Personal information
- Full name: John Henry Baggott
- Born: 20 July 1906 Pietermaritzburg, Colony of Natal
- Died: 2 June 1995 (aged 88)
- Original teams: Northcote, Dimboola
- Height: 182 cm (6 ft 0 in)
- Weight: 75.5 kg (166 lb)

Playing career^{1}
- Years: Club / Games (Goals)
- 1925: Northcote / 13 (21)
- 1926: Dimboola / ? (?)
- 1927–1935: Richmond / 128 (140)
- 1936–1937: Essendon / 019 00(0)
- Total:  / 160 (161)

Coaching career
- Years: Club / Games (W–L–D)
- 1936–1939: Essendon / 60 (22–38–0)
- 1940: South Melbourne / 18 0(7–11–0)
- Total:  / 78 (29–49–0)
- ^{1} Playing statistics correct to the end of 1937.

Career highlights
- VFL premiership player: 1932, 1934; Richmond leading goalkicker: 1927, 1928; Interstate games: 4; Essendon captain-coach: 1936–1937; Richmond Life Member: 1960; Richmond Hall of Fame: 2019;

= Jack Baggott =

Australian rules footballer, born 1906

John Henry Baggott (20 July 1906 – 2 June 1995) was an Australian rules footballer who played and coached in the Victorian Football League (VFL) between 1927 and 1940 for the Richmond Football Club, Essendon Football Club, and South Melbourne Football Club.

==Career in football==
Baggott represented the Richmond Football Club between 1927 and 1935. He was Richmond's leading goal kicker in his debut year of 1927 with 37 goals, and again in 1928 with 61 goals.
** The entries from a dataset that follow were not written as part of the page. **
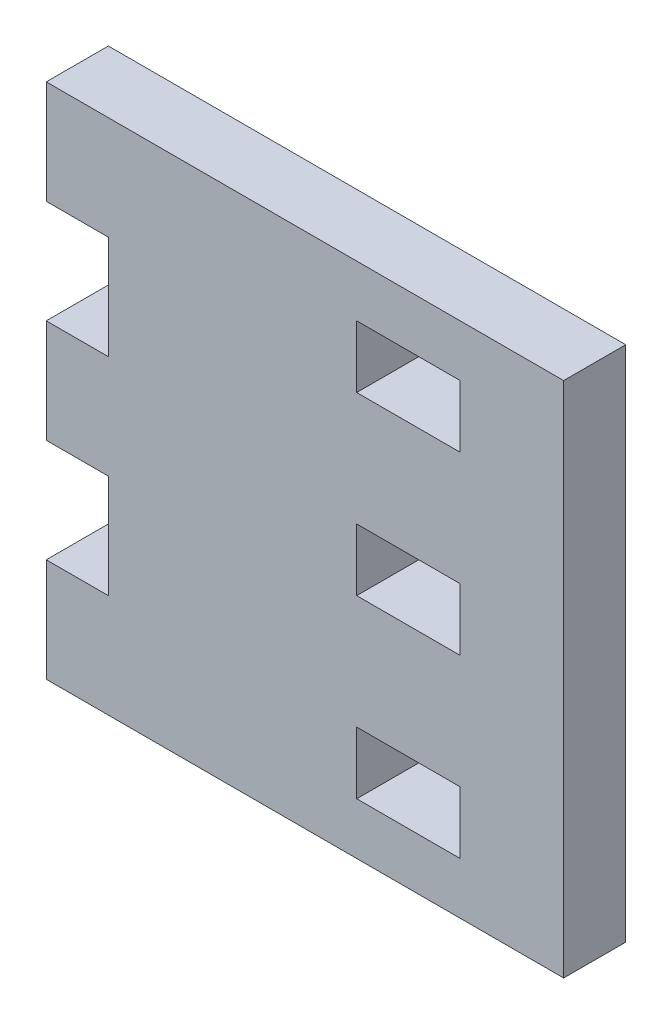
ISO-10303-21;
HEADER;
FILE_DESCRIPTION(('STEP AP214'),'2;1');
FILE_NAME('part.step','',(''),(''),'','','');
FILE_SCHEMA(('AUTOMOTIVE_DESIGN { 1 0 10303 214 1 1 1 1 }'));
ENDSEC;
DATA;
#1=APPLICATION_CONTEXT('core data for automotive mechanical design processes');
#2=APPLICATION_PROTOCOL_DEFINITION('international standard','automotive_design',2000,#1);
#3=PRODUCT_CONTEXT('',#1,'mechanical');
#4=PRODUCT('Part','Part','',(#3));
#5=PRODUCT_RELATED_PRODUCT_CATEGORY('part','',(#4));
#6=PRODUCT_DEFINITION_FORMATION('','',#4);
#7=PRODUCT_DEFINITION_CONTEXT('part definition',#1,'design');
#8=PRODUCT_DEFINITION('design','',#6,#7);
#9=PRODUCT_DEFINITION_SHAPE('','',#8);
#10=(LENGTH_UNIT() NAMED_UNIT(*) SI_UNIT(.MILLI.,.METRE.));
#11=(NAMED_UNIT(*) PLANE_ANGLE_UNIT() SI_UNIT($,.RADIAN.));
#12=(NAMED_UNIT(*) SI_UNIT($,.STERADIAN.) SOLID_ANGLE_UNIT());
#13=UNCERTAINTY_MEASURE_WITH_UNIT(LENGTH_MEASURE(1.E-05),#10,'distance_accuracy_value','');
#14=(GEOMETRIC_REPRESENTATION_CONTEXT(3) GLOBAL_UNCERTAINTY_ASSIGNED_CONTEXT((#13)) GLOBAL_UNIT_ASSIGNED_CONTEXT((#10,
#11,#12)) REPRESENTATION_CONTEXT('',''));
#15=CARTESIAN_POINT('',(0.,0.,0.));
#16=DIRECTION('',(0.,0.,1.));
#17=DIRECTION('',(1.,0.,0.));
#18=AXIS2_PLACEMENT_3D('',#15,#16,#17);
#19=CARTESIAN_POINT('',(0.,0.,6.));
#20=DIRECTION('',(0.,0.,1.));
#21=DIRECTION('',(1.,0.,0.));
#22=AXIS2_PLACEMENT_3D('',#19,#20,#21);
#23=PLANE('',#22);
#24=DIRECTION('',(0.,-1.,0.));
#25=VECTOR('',#24,1.);
#26=CARTESIAN_POINT('',(-26.3628985430743,32.763671875,6.));
#27=LINE('',#26,#25);
#28=CARTESIAN_POINT('',(-26.3628985430743,32.763671875,6.));
#29=VERTEX_POINT('',#28);
#30=CARTESIAN_POINT('',(-26.3628985430743,22.763671875,6.));
#31=VERTEX_POINT('',#30);
#32=EDGE_CURVE('E292',#29,#31,#27,.T.);
#33=ORIENTED_EDGE('',*,*,#32,.T.);
#34=DIRECTION('',(1.,0.,0.));
#35=VECTOR('',#34,1.);
#36=CARTESIAN_POINT('',(-26.3628985430743,22.763671875,6.));
#37=LINE('',#36,#35);
#38=CARTESIAN_POINT('',(-20.3628985430743,22.763671875,6.));
#39=VERTEX_POINT('',#38);
#40=EDGE_CURVE('E295',#31,#39,#37,.T.);
#41=ORIENTED_EDGE('',*,*,#40,.T.);
#42=DIRECTION('',(0.,-1.,0.));
#43=VECTOR('',#42,1.);
#44=CARTESIAN_POINT('',(-20.3628985430743,22.763671875,6.));
#45=LINE('',#44,#43);
#46=CARTESIAN_POINT('',(-20.3628985430743,12.763671875,6.));
#47=VERTEX_POINT('',#46);
#48=EDGE_CURVE('E298',#39,#47,#45,.T.);
#49=ORIENTED_EDGE('',*,*,#48,.T.);
#50=DIRECTION('',(-1.,0.,0.));
#51=VECTOR('',#50,1.);
#52=CARTESIAN_POINT('',(-26.3628985430743,12.763671875,6.));
#53=LINE('',#52,#51);
#54=CARTESIAN_POINT('',(-26.3628985430743,12.763671875,6.));
#55=VERTEX_POINT('',#54);
#56=EDGE_CURVE('E300',#47,#55,#53,.T.);
#57=ORIENTED_EDGE('',*,*,#56,.T.);
#58=DIRECTION('',(0.,-1.,0.));
#59=VECTOR('',#58,1.);
#60=CARTESIAN_POINT('',(-26.3628985430743,12.763671875,6.));
#61=LINE('',#60,#59);
#62=CARTESIAN_POINT('',(-26.362898543074,2.76367187500001,6.));
#63=VERTEX_POINT('',#62);
#64=EDGE_CURVE('E302',#55,#63,#61,.T.);
#65=ORIENTED_EDGE('',*,*,#64,.T.);
#66=DIRECTION('',(1.,0.,0.));
#67=VECTOR('',#66,1.);
#68=CARTESIAN_POINT('',(-26.362898543074,2.76367187500001,6.));
#69=LINE('',#68,#67);
#70=CARTESIAN_POINT('',(-20.362898543074,2.76367187500001,6.));
#71=VERTEX_POINT('',#70);
#72=EDGE_CURVE('E304',#63,#71,#69,.T.);
#73=ORIENTED_EDGE('',*,*,#72,.T.);
#74=DIRECTION('',(0.,-1.,0.));
#75=VECTOR('',#74,1.);
#76=CARTESIAN_POINT('',(-20.362898543074,2.76367187500001,6.));
#77=LINE('',#76,#75);
#78=CARTESIAN_POINT('',(-20.362898543074,-7.23632812499999,6.));
#79=VERTEX_POINT('',#78);
#80=EDGE_CURVE('E306',#71,#79,#77,.T.);
#81=ORIENTED_EDGE('',*,*,#80,.T.);
#82=DIRECTION('',(-1.,0.,0.));
#83=VECTOR('',#82,1.);
#84=CARTESIAN_POINT('',(-26.362898543074,-7.23632812499999,6.));
#85=LINE('',#84,#83);
#86=CARTESIAN_POINT('',(-26.362898543074,-7.23632812499999,6.));
#87=VERTEX_POINT('',#86);
#88=EDGE_CURVE('E308',#79,#87,#85,.T.);
#89=ORIENTED_EDGE('',*,*,#88,.T.);
#90=DIRECTION('',(0.,-1.,0.));
#91=VECTOR('',#90,1.);
#92=CARTESIAN_POINT('',(-26.362898543074,-7.23632812499999,6.));
#93=LINE('',#92,#91);
#94=CARTESIAN_POINT('',(-26.3628985430743,-17.236328125,6.));
#95=VERTEX_POINT('',#94);
#96=EDGE_CURVE('E310',#87,#95,#93,.T.);
#97=ORIENTED_EDGE('',*,*,#96,.T.);
#98=DIRECTION('',(1.,0.,0.));
#99=VECTOR('',#98,1.);
#100=CARTESIAN_POINT('',(-26.3628985430743,-17.236328125,6.));
#101=LINE('',#100,#99);
#102=CARTESIAN_POINT('',(23.6371014569257,-17.236328125,6.));
#103=VERTEX_POINT('',#102);
#104=EDGE_CURVE('E312',#95,#103,#101,.T.);
#105=ORIENTED_EDGE('',*,*,#104,.T.);
#106=DIRECTION('',(0.,1.,0.));
#107=VECTOR('',#106,1.);
#108=CARTESIAN_POINT('',(23.6371014569257,32.763671875,6.));
#109=LINE('',#108,#107);
#110=CARTESIAN_POINT('',(23.6371014569257,32.763671875,6.));
#111=VERTEX_POINT('',#110);
#112=EDGE_CURVE('E314',#103,#111,#109,.T.);
#113=ORIENTED_EDGE('',*,*,#112,.T.);
#114=DIRECTION('',(-1.,0.,0.));
#115=VECTOR('',#114,1.);
#116=CARTESIAN_POINT('',(-26.3628985430743,32.763671875,6.));
#117=LINE('',#116,#115);
#118=EDGE_CURVE('E316',#111,#29,#117,.T.);
#119=ORIENTED_EDGE('',*,*,#118,.T.);
#120=EDGE_LOOP('',(#33,#41,#49,#57,#65,#73,#81,#89,#97,#105,#113,#119));
#121=FACE_BOUND('',#120,.T.);
#122=DIRECTION('',(1.,0.,0.));
#123=VECTOR('',#122,1.);
#124=CARTESIAN_POINT('',(3.63710145692571,21.763671875,6.));
#125=LINE('',#124,#123);
#126=CARTESIAN_POINT('',(3.63710145692571,21.763671875,6.));
#127=VERTEX_POINT('',#126);
#128=CARTESIAN_POINT('',(13.6371014569257,21.763671875,6.));
#129=VERTEX_POINT('',#128);
#130=EDGE_CURVE('E263',#127,#129,#125,.T.);
#131=ORIENTED_EDGE('',*,*,#130,.F.);
#132=DIRECTION('',(0.,-1.,0.));
#133=VECTOR('',#132,1.);
#134=CARTESIAN_POINT('',(3.63710145692571,27.763671875,6.));
#135=LINE('',#134,#133);
#136=CARTESIAN_POINT('',(3.63710145692571,27.763671875,6.));
#137=VERTEX_POINT('',#136);
#138=EDGE_CURVE('E261',#137,#127,#135,.T.);
#139=ORIENTED_EDGE('',*,*,#138,.F.);
#140=DIRECTION('',(-1.,0.,0.));
#141=VECTOR('',#140,1.);
#142=CARTESIAN_POINT('',(3.63710145692571,27.763671875,6.));
#143=LINE('',#142,#141);
#144=CARTESIAN_POINT('',(13.6371014569257,27.763671875,6.));
#145=VERTEX_POINT('',#144);
#146=EDGE_CURVE('E269',#145,#137,#143,.T.);
#147=ORIENTED_EDGE('',*,*,#146,.F.);
#148=DIRECTION('',(0.,1.,0.));
#149=VECTOR('',#148,1.);
#150=CARTESIAN_POINT('',(13.6371014569257,27.763671875,6.));
#151=LINE('',#150,#149);
#152=EDGE_CURVE('E266',#129,#145,#151,.T.);
#153=ORIENTED_EDGE('',*,*,#152,.F.);
#154=EDGE_LOOP('',(#131,#139,#147,#153));
#155=FACE_BOUND('',#154,.T.);
#156=DIRECTION('',(0.,-1.,0.));
#157=VECTOR('',#156,1.);
#158=CARTESIAN_POINT('',(3.63710145692595,10.763671875,6.));
#159=LINE('',#158,#157);
#160=CARTESIAN_POINT('',(3.63710145692595,10.763671875,6.));
#161=VERTEX_POINT('',#160);
#162=CARTESIAN_POINT('',(3.63710145692595,4.76367187500002,6.));
#163=VERTEX_POINT('',#162);
#164=EDGE_CURVE('E232',#161,#163,#159,.T.);
#165=ORIENTED_EDGE('',*,*,#164,.F.);
#166=DIRECTION('',(-1.,0.,0.));
#167=VECTOR('',#166,1.);
#168=CARTESIAN_POINT('',(3.63710145692595,10.763671875,6.));
#169=LINE('',#168,#167);
#170=CARTESIAN_POINT('',(13.6371014569259,10.763671875,6.));
#171=VERTEX_POINT('',#170);
#172=EDGE_CURVE('E230',#171,#161,#169,.T.);
#173=ORIENTED_EDGE('',*,*,#172,.F.);
#174=DIRECTION('',(0.,1.,0.));
#175=VECTOR('',#174,1.);
#176=CARTESIAN_POINT('',(13.6371014569259,10.763671875,6.));
#177=LINE('',#176,#175);
#178=CARTESIAN_POINT('',(13.6371014569259,4.76367187500002,6.));
#179=VERTEX_POINT('',#178);
#180=EDGE_CURVE('E238',#179,#171,#177,.T.);
#181=ORIENTED_EDGE('',*,*,#180,.F.);
#182=DIRECTION('',(1.,0.,0.));
#183=VECTOR('',#182,1.);
#184=CARTESIAN_POINT('',(3.63710145692595,4.76367187500002,6.));
#185=LINE('',#184,#183);
#186=EDGE_CURVE('E235',#163,#179,#185,.T.);
#187=ORIENTED_EDGE('',*,*,#186,.F.);
#188=EDGE_LOOP('',(#165,#173,#181,#187));
#189=FACE_BOUND('',#188,.T.);
#190=DIRECTION('',(0.,-1.,0.));
#191=VECTOR('',#190,1.);
#192=CARTESIAN_POINT('',(3.63710145692618,-6.23632812499999,6.));
#193=LINE('',#192,#191);
#194=CARTESIAN_POINT('',(3.63710145692618,-6.23632812499999,6.));
#195=VERTEX_POINT('',#194);
#196=CARTESIAN_POINT('',(3.63710145692619,-12.236328125,6.));
#197=VERTEX_POINT('',#196);
#198=EDGE_CURVE('E202',#195,#197,#193,.T.);
#199=ORIENTED_EDGE('',*,*,#198,.F.);
#200=DIRECTION('',(-1.,0.,0.));
#201=VECTOR('',#200,1.);
#202=CARTESIAN_POINT('',(3.63710145692618,-6.23632812499999,6.));
#203=LINE('',#202,#201);
#204=CARTESIAN_POINT('',(13.6371014569262,-6.23632812499998,6.));
#205=VERTEX_POINT('',#204);
#206=EDGE_CURVE('E194',#205,#195,#203,.T.);
#207=ORIENTED_EDGE('',*,*,#206,.F.);
#208=DIRECTION('',(0.,1.,0.));
#209=VECTOR('',#208,1.);
#210=CARTESIAN_POINT('',(13.6371014569262,-6.23632812499998,6.));
#211=LINE('',#210,#209);
#212=CARTESIAN_POINT('',(13.6371014569262,-12.236328125,6.));
#213=VERTEX_POINT('',#212);
#214=EDGE_CURVE('E216',#213,#205,#211,.T.);
#215=ORIENTED_EDGE('',*,*,#214,.F.);
#216=DIRECTION('',(1.,0.,0.));
#217=VECTOR('',#216,1.);
#218=CARTESIAN_POINT('',(3.63710145692619,-12.236328125,6.));
#219=LINE('',#218,#217);
#220=EDGE_CURVE('E214',#197,#213,#219,.T.);
#221=ORIENTED_EDGE('',*,*,#220,.F.);
#222=EDGE_LOOP('',(#199,#207,#215,#221));
#223=FACE_BOUND('',#222,.T.);
#224=ADVANCED_FACE('F33',(#121,#155,#189,#223),#23,.T.);
#225=CARTESIAN_POINT('',(0.,0.,0.));
#226=DIRECTION('',(0.,0.,1.));
#227=DIRECTION('',(1.,0.,0.));
#228=AXIS2_PLACEMENT_3D('',#225,#226,#227);
#229=PLANE('',#228);
#230=DIRECTION('',(-1.,0.,0.));
#231=VECTOR('',#230,1.);
#232=CARTESIAN_POINT('',(3.63710145692595,10.763671875,0.));
#233=LINE('',#232,#231);
#234=CARTESIAN_POINT('',(13.6371014569259,10.763671875,0.));
#235=VERTEX_POINT('',#234);
#236=CARTESIAN_POINT('',(3.63710145692595,10.763671875,0.));
#237=VERTEX_POINT('',#236);
#238=EDGE_CURVE('E210',#235,#237,#233,.T.);
#239=ORIENTED_EDGE('',*,*,#238,.T.);
#240=DIRECTION('',(0.,-1.,0.));
#241=VECTOR('',#240,1.);
#242=CARTESIAN_POINT('',(3.63710145692595,10.763671875,0.));
#243=LINE('',#242,#241);
#244=CARTESIAN_POINT('',(3.63710145692595,4.76367187500002,0.));
#245=VERTEX_POINT('',#244);
#246=EDGE_CURVE('E243',#237,#245,#243,.T.);
#247=ORIENTED_EDGE('',*,*,#246,.T.);
#248=DIRECTION('',(1.,0.,0.));
#249=VECTOR('',#248,1.);
#250=CARTESIAN_POINT('',(3.63710145692595,4.76367187500002,0.));
#251=LINE('',#250,#249);
#252=CARTESIAN_POINT('',(13.6371014569259,4.76367187500002,0.));
#253=VERTEX_POINT('',#252);
#254=EDGE_CURVE('E246',#245,#253,#251,.T.);
#255=ORIENTED_EDGE('',*,*,#254,.T.);
#256=DIRECTION('',(0.,1.,0.));
#257=VECTOR('',#256,1.);
#258=CARTESIAN_POINT('',(13.6371014569259,10.763671875,0.));
#259=LINE('',#258,#257);
#260=EDGE_CURVE('E233',#253,#235,#259,.T.);
#261=ORIENTED_EDGE('',*,*,#260,.T.);
#262=EDGE_LOOP('',(#239,#247,#255,#261));
#263=FACE_BOUND('',#262,.T.);
#264=DIRECTION('',(0.,-1.,0.));
#265=VECTOR('',#264,1.);
#266=CARTESIAN_POINT('',(-26.3628985430743,32.763671875,0.));
#267=LINE('',#266,#265);
#268=CARTESIAN_POINT('',(-26.3628985430743,32.763671875,0.));
#269=VERTEX_POINT('',#268);
#270=CARTESIAN_POINT('',(-26.3628985430743,22.763671875,0.));
#271=VERTEX_POINT('',#270);
#272=EDGE_CURVE('E291',#269,#271,#267,.T.);
#273=ORIENTED_EDGE('',*,*,#272,.F.);
#274=DIRECTION('',(-1.,0.,0.));
#275=VECTOR('',#274,1.);
#276=CARTESIAN_POINT('',(-26.3628985430743,32.763671875,0.));
#277=LINE('',#276,#275);
#278=CARTESIAN_POINT('',(23.6371014569257,32.763671875,0.));
#279=VERTEX_POINT('',#278);
#280=EDGE_CURVE('E296',#279,#269,#277,.T.);
#281=ORIENTED_EDGE('',*,*,#280,.F.);
#282=DIRECTION('',(0.,1.,0.));
#283=VECTOR('',#282,1.);
#284=CARTESIAN_POINT('',(23.6371014569257,32.763671875,0.));
#285=LINE('',#284,#283);
#286=CARTESIAN_POINT('',(23.6371014569257,-17.236328125,0.));
#287=VERTEX_POINT('',#286);
#288=EDGE_CURVE('E339',#287,#279,#285,.T.);
#289=ORIENTED_EDGE('',*,*,#288,.F.);
#290=DIRECTION('',(1.,0.,0.));
#291=VECTOR('',#290,1.);
#292=CARTESIAN_POINT('',(-26.3628985430743,-17.236328125,0.));
#293=LINE('',#292,#291);
#294=CARTESIAN_POINT('',(-26.3628985430743,-17.236328125,0.));
#295=VERTEX_POINT('',#294);
#296=EDGE_CURVE('E337',#295,#287,#293,.T.);
#297=ORIENTED_EDGE('',*,*,#296,.F.);
#298=DIRECTION('',(0.,-1.,0.));
#299=VECTOR('',#298,1.);
#300=CARTESIAN_POINT('',(-26.362898543074,-7.23632812499999,0.));
#301=LINE('',#300,#299);
#302=CARTESIAN_POINT('',(-26.362898543074,-7.23632812499999,0.));
#303=VERTEX_POINT('',#302);
#304=EDGE_CURVE('E335',#303,#295,#301,.T.);
#305=ORIENTED_EDGE('',*,*,#304,.F.);
#306=DIRECTION('',(-1.,0.,0.));
#307=VECTOR('',#306,1.);
#308=CARTESIAN_POINT('',(-26.362898543074,-7.23632812499999,0.));
#309=LINE('',#308,#307);
#310=CARTESIAN_POINT('',(-20.362898543074,-7.23632812499999,0.));
#311=VERTEX_POINT('',#310);
#312=EDGE_CURVE('E333',#311,#303,#309,.T.);
#313=ORIENTED_EDGE('',*,*,#312,.F.);
#314=DIRECTION('',(0.,-1.,0.));
#315=VECTOR('',#314,1.);
#316=CARTESIAN_POINT('',(-20.362898543074,2.76367187500001,0.));
#317=LINE('',#316,#315);
#318=CARTESIAN_POINT('',(-20.362898543074,2.76367187500001,0.));
#319=VERTEX_POINT('',#318);
#320=EDGE_CURVE('E331',#319,#311,#317,.T.);
#321=ORIENTED_EDGE('',*,*,#320,.F.);
#322=DIRECTION('',(1.,0.,0.));
#323=VECTOR('',#322,1.);
#324=CARTESIAN_POINT('',(-26.362898543074,2.76367187500001,0.));
#325=LINE('',#324,#323);
#326=CARTESIAN_POINT('',(-26.362898543074,2.76367187500001,0.));
#327=VERTEX_POINT('',#326);
#328=EDGE_CURVE('E329',#327,#319,#325,.T.);
#329=ORIENTED_EDGE('',*,*,#328,.F.);
#330=DIRECTION('',(0.,-1.,0.));
#331=VECTOR('',#330,1.);
#332=CARTESIAN_POINT('',(-26.3628985430743,12.763671875,0.));
#333=LINE('',#332,#331);
#334=CARTESIAN_POINT('',(-26.3628985430743,12.763671875,0.));
#335=VERTEX_POINT('',#334);
#336=EDGE_CURVE('E327',#335,#327,#333,.T.);
#337=ORIENTED_EDGE('',*,*,#336,.F.);
#338=DIRECTION('',(-1.,0.,0.));
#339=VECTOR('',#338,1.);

In Round 9 of the 1928 season he kicked a then club record 12 goals against South Melbourne, the first Richmond player to ever hit double figures in goal-kicking in a game. He placed third in the League's best and fairest award, the Brownlow Medal in that same year, and was also named in the Victorian state representative team in both 1928 and 1929. Baggot represented the club in several Grand Finals, including the 1932 and 1934 Premiership teams. By that stage Baggott was playing as an attacking half-back flanker, and was named in Richmond's best in both these Grand Final victories. He was a late withdrawal from the club's 1927 grand final team, suffering a side injury at training in the lead-up, after having played every game for the season.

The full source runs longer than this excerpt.